- TASK OBJECTIVE: For this exercise, copy the records below exactly and exclude every image.

Extracted data entries
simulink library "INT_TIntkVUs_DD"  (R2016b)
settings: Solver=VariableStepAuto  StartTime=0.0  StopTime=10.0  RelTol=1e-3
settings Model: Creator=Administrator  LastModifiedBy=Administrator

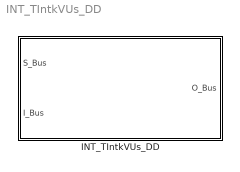
== system INT_TIntkVUs_DD ==
  INT_TIntkVUs_DD : Subsystem

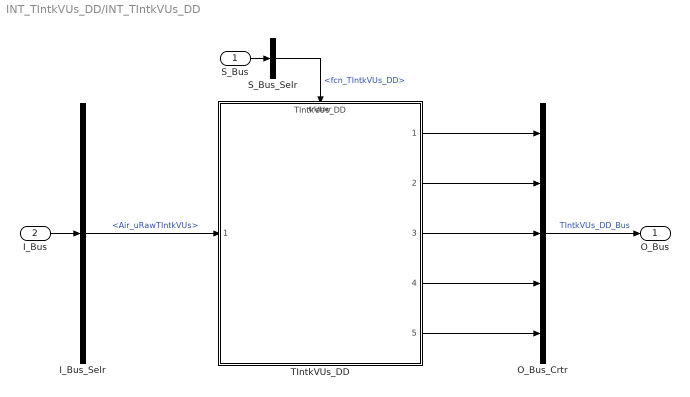
== system INT_TIntkVUs_DD/INT_TIntkVUs_DD ==
  S_Bus : Inport
  I_Bus : Inport  Port=2
  I_Bus_Selr : BusSelector  OutputSignals=Air_uRawTIntkVUs
  O_Bus_Crtr : BusCreator  Inputs=5
  S_Bus_Selr : BusSelector  OutputSignals=fcn_TIntkVUs_DD
  TIntkVUs_DD : ModelReference  ModelNameDialog=TIntkVUs_DD  SimulationMode=Normal  ModelReferenceVersion=1.12  TriggerPortName=function  TriggerPortTriggerType=function-call  TriggerPortStatesWhenEnabling=held
  O_Bus : Outport
  wires:
  S_Bus_Selr/1 -> TIntkVUs_DD/Trigger  "<fcn_TIntkVUs_DD>"
  S_Bus/1 -> S_Bus_Selr/1
  I_Bus/1 -> I_Bus_Selr/1
  I_Bus_Selr/1 -> TIntkVUs_DD/1  "<Air_uRawTIntkVUs>"
  O_Bus_Crtr/1 -> O_Bus/1  "TIntkVUs_DD_Bus"
  TIntkVUs_DD/1 -> O_Bus_Crtr/1
  TIntkVUs_DD/2 -> O_Bus_Crtr/2
  TIntkVUs_DD/3 -> O_Bus_Crtr/3
  TIntkVUs_DD/4 -> O_Bus_Crtr/4
  TIntkVUs_DD/5 -> O_Bus_Crtr/5

- ANSWER SPACE:
simulink library "INT_TIntkVUs_DD"  (R2016b)
settings: Solver=VariableStepAuto  StartTime=0.0  StopTime=10.0  RelTol=1e-3
settings Model: Creator=Administrator  LastModifiedBy=Administrator

== system INT_TIntkVUs_DD ==
  INT_TIntkVUs_DD : Subsystem

== system INT_TIntkVUs_DD/INT_TIntkVUs_DD ==
  S_Bus : Inport
  I_Bus : Inport  Port=2
  I_Bus_Selr : BusSelector  OutputSignals=Air_uRawTIntkVUs
  O_Bus_Crtr : BusCreator  Inputs=5
  S_Bus_Selr : BusSelector  OutputSignals=fcn_TIntkVUs_DD
  TIntkVUs_DD : ModelReference  ModelNameDialog=TIntkVUs_DD  SimulationMode=Normal  ModelReferenceVersion=1.12  TriggerPortName=function  TriggerPortTriggerType=function-call  TriggerPortStatesWhenEnabling=held
  O_Bus : Outport
  wires:
  S_Bus_Selr/1 -> TIntkVUs_DD/Trigger  "<fcn_TIntkVUs_DD>"
  S_Bus/1 -> S_Bus_Selr/1
  I_Bus/1 -> I_Bus_Selr/1
  I_Bus_Selr/1 -> TIntkVUs_DD/1  "<Air_uRawTIntkVUs>"
  O_Bus_Crtr/1 -> O_Bus/1  "TIntkVUs_DD_Bus"
  TIntkVUs_DD/1 -> O_Bus_Crtr/1
  TIntkVUs_DD/2 -> O_Bus_Crtr/2
  TIntkVUs_DD/3 -> O_Bus_Crtr/3
  TIntkVUs_DD/4 -> O_Bus_Crtr/4
  TIntkVUs_DD/5 -> O_Bus_Crtr/5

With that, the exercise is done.